▼▼▼
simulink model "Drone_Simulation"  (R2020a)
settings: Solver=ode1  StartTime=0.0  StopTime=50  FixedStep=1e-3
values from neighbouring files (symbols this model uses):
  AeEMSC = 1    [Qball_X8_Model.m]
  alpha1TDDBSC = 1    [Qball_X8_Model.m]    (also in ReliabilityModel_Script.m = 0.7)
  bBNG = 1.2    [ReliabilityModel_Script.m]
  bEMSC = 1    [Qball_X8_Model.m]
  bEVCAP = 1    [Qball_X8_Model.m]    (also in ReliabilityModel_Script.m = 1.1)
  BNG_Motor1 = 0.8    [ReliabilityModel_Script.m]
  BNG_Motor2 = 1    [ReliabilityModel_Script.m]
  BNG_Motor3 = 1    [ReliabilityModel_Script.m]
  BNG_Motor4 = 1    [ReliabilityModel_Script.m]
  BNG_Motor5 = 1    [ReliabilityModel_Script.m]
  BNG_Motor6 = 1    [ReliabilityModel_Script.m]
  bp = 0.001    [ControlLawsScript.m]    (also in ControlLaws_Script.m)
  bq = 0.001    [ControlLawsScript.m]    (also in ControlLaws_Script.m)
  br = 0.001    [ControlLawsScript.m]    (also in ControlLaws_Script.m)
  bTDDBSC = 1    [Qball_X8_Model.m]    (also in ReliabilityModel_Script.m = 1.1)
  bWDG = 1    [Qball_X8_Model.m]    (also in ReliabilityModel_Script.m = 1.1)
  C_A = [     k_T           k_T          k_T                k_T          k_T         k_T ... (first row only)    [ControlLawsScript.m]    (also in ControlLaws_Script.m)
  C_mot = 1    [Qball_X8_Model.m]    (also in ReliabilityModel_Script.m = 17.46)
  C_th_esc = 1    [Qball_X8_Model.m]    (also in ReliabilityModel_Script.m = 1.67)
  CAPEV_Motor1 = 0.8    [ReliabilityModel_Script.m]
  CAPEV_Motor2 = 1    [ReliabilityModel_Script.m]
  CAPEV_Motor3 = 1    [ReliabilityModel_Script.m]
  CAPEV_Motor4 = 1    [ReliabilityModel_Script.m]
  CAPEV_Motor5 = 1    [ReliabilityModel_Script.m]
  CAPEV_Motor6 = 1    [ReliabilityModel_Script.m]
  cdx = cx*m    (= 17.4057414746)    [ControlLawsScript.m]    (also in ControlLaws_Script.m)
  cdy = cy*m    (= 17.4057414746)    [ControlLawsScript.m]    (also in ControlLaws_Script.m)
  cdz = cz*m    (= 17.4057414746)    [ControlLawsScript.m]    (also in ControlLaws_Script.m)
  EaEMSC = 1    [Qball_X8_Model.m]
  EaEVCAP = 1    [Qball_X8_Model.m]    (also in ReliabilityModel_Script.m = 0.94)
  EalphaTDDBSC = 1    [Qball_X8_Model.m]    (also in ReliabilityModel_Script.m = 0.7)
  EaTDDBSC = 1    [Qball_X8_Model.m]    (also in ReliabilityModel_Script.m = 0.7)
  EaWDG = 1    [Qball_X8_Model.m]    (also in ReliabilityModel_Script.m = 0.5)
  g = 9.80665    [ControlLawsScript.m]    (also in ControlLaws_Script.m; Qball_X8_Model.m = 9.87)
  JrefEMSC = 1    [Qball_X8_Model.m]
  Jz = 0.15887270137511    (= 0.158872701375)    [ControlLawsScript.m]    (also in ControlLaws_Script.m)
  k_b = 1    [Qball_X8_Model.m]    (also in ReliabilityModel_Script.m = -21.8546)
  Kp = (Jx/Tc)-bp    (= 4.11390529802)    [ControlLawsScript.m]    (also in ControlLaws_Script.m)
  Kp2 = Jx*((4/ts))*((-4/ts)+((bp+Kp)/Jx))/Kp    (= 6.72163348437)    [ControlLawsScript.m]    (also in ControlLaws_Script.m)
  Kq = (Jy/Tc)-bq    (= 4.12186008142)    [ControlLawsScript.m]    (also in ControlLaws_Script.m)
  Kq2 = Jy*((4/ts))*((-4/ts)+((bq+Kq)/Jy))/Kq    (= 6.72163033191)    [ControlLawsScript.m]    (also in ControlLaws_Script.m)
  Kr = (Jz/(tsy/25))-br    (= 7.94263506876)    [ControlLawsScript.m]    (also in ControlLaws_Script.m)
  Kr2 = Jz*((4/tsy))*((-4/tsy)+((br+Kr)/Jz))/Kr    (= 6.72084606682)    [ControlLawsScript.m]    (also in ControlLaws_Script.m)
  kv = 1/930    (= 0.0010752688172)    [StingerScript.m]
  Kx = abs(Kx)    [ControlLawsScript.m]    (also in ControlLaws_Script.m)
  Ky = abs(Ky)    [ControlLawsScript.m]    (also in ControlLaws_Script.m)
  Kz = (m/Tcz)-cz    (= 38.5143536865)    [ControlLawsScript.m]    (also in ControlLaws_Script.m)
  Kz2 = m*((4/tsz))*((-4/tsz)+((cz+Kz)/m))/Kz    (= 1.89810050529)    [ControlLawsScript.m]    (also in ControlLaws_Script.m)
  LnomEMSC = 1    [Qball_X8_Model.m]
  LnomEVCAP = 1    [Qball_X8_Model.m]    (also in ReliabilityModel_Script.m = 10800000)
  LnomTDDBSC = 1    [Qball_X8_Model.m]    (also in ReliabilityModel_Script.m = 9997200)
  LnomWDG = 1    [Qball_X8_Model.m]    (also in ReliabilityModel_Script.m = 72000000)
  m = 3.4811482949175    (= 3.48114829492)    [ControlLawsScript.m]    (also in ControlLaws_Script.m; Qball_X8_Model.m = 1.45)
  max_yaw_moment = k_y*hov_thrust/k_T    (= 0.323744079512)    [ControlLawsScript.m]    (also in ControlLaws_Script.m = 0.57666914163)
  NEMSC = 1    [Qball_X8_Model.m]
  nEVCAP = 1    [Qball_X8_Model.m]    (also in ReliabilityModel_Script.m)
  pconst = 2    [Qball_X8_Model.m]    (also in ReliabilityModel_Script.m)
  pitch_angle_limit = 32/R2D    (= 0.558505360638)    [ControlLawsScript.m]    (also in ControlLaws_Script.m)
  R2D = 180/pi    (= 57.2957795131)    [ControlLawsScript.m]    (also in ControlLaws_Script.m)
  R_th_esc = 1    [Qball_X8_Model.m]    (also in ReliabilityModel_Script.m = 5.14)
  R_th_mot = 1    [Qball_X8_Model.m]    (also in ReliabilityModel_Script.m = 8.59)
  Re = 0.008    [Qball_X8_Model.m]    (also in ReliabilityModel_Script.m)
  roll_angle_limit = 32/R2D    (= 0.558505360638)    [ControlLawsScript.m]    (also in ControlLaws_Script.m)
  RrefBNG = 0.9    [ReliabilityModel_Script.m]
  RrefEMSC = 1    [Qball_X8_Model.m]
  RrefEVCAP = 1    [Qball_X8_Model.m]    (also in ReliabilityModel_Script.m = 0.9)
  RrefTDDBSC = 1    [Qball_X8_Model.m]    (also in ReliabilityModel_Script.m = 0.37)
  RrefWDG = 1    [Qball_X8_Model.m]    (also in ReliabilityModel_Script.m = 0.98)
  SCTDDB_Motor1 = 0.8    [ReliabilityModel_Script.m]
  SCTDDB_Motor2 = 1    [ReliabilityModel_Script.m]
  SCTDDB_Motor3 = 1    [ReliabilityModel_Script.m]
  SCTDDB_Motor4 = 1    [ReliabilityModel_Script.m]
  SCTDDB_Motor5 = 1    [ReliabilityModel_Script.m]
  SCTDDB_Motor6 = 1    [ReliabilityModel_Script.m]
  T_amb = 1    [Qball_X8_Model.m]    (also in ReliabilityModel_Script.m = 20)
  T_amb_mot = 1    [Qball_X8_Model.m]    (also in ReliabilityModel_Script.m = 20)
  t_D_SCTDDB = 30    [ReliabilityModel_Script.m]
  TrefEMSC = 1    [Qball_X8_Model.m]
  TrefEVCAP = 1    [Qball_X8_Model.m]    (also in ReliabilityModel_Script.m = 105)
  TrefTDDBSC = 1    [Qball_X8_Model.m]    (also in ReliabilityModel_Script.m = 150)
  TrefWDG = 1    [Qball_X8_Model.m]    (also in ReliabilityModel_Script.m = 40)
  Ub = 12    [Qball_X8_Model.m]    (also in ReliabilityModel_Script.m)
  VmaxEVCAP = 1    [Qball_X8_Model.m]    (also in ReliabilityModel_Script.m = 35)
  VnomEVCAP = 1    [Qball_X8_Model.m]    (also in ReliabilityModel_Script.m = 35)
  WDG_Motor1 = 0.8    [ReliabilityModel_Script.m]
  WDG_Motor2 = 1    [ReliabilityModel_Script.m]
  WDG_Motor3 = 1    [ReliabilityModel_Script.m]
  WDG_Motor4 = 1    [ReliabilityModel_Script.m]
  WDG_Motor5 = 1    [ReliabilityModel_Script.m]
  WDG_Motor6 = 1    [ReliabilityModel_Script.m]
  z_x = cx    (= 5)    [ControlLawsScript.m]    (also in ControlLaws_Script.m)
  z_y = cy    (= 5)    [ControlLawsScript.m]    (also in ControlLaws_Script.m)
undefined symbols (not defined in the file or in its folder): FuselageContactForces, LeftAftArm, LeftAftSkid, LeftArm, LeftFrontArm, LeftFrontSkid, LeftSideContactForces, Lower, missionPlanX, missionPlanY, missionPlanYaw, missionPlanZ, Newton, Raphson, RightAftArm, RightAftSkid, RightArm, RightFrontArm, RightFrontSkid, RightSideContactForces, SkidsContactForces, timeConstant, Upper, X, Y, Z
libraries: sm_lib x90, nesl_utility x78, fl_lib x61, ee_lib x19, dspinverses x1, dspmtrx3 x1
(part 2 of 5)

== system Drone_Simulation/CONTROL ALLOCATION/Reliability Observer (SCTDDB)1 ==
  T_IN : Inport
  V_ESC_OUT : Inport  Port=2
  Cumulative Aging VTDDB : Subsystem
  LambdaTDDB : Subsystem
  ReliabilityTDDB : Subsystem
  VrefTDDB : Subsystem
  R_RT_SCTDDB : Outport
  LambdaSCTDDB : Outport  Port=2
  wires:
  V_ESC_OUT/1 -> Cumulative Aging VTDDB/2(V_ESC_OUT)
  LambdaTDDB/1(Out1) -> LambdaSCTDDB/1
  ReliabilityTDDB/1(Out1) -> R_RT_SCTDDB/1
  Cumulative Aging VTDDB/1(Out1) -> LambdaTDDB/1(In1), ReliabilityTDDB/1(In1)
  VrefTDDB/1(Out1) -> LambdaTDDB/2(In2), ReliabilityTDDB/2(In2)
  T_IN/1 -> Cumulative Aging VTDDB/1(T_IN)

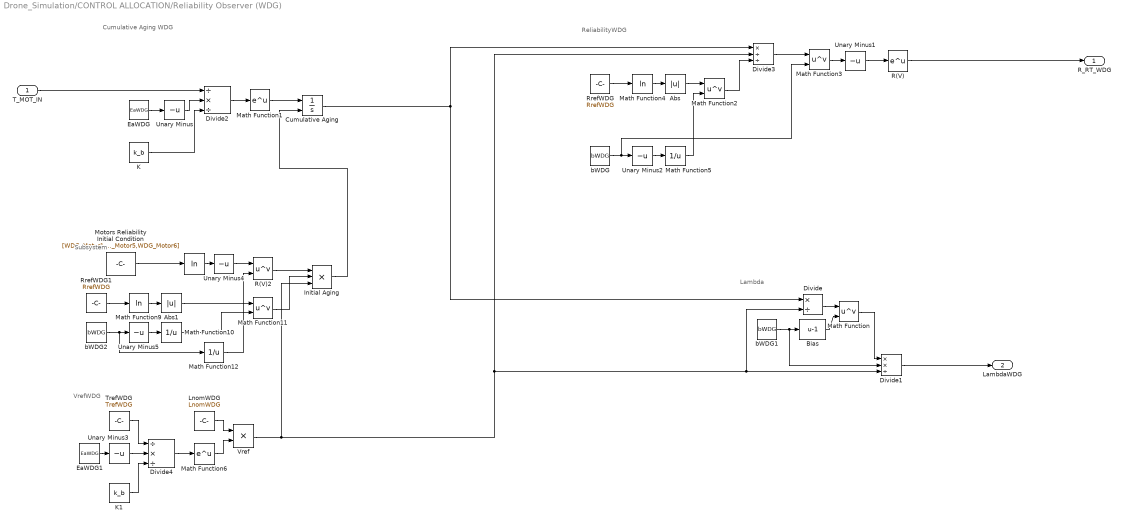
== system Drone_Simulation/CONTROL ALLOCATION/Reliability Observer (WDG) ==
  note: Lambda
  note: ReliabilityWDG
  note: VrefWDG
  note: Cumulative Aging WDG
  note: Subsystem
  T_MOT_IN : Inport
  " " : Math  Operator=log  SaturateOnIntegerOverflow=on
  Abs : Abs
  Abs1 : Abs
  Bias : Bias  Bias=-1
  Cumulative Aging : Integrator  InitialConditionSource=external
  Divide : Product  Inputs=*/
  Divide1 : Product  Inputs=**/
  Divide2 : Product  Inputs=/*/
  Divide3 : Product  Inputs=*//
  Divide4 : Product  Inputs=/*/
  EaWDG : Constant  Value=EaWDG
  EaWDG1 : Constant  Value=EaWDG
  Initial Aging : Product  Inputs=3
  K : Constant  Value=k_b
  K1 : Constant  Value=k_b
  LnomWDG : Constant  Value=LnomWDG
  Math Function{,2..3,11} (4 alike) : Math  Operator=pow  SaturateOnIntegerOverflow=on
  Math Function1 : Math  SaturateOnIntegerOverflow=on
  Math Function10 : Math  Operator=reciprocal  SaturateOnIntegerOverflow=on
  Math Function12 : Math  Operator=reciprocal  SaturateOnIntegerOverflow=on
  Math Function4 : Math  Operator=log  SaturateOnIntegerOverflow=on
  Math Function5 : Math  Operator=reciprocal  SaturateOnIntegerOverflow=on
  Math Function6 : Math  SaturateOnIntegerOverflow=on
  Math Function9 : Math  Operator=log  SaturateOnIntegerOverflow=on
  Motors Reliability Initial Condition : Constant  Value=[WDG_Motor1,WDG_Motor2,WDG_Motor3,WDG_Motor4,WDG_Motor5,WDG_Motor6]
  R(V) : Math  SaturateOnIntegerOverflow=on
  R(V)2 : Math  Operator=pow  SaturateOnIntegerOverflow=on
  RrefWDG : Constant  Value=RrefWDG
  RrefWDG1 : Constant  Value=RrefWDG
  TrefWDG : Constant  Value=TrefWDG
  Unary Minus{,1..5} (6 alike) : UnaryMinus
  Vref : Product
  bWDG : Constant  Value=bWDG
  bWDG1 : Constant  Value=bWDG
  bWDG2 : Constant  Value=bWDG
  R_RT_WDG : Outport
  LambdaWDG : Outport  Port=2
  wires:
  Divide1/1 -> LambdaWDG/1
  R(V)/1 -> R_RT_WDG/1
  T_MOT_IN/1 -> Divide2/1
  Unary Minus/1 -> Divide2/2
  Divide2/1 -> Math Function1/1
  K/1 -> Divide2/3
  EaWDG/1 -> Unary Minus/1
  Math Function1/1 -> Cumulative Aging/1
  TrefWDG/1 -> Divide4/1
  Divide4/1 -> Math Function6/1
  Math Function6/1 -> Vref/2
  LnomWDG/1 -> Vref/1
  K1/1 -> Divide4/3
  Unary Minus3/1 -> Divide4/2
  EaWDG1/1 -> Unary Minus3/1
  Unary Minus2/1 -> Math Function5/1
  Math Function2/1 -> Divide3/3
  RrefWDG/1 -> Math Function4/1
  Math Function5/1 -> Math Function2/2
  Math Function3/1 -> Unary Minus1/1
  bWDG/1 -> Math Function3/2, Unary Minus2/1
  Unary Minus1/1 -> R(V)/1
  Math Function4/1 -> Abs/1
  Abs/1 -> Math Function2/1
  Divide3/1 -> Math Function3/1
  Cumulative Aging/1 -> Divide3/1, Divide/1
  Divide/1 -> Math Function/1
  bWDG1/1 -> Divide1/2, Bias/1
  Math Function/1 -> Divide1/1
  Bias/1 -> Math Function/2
▲▲▲
▶ Try it:
Go through the entries and return each line where the word "Inport" occurs.

▶ Solution for this problem:
  T_IN : Inport
  V_ESC_OUT : Inport  Port=2
  T_MOT_IN : Inport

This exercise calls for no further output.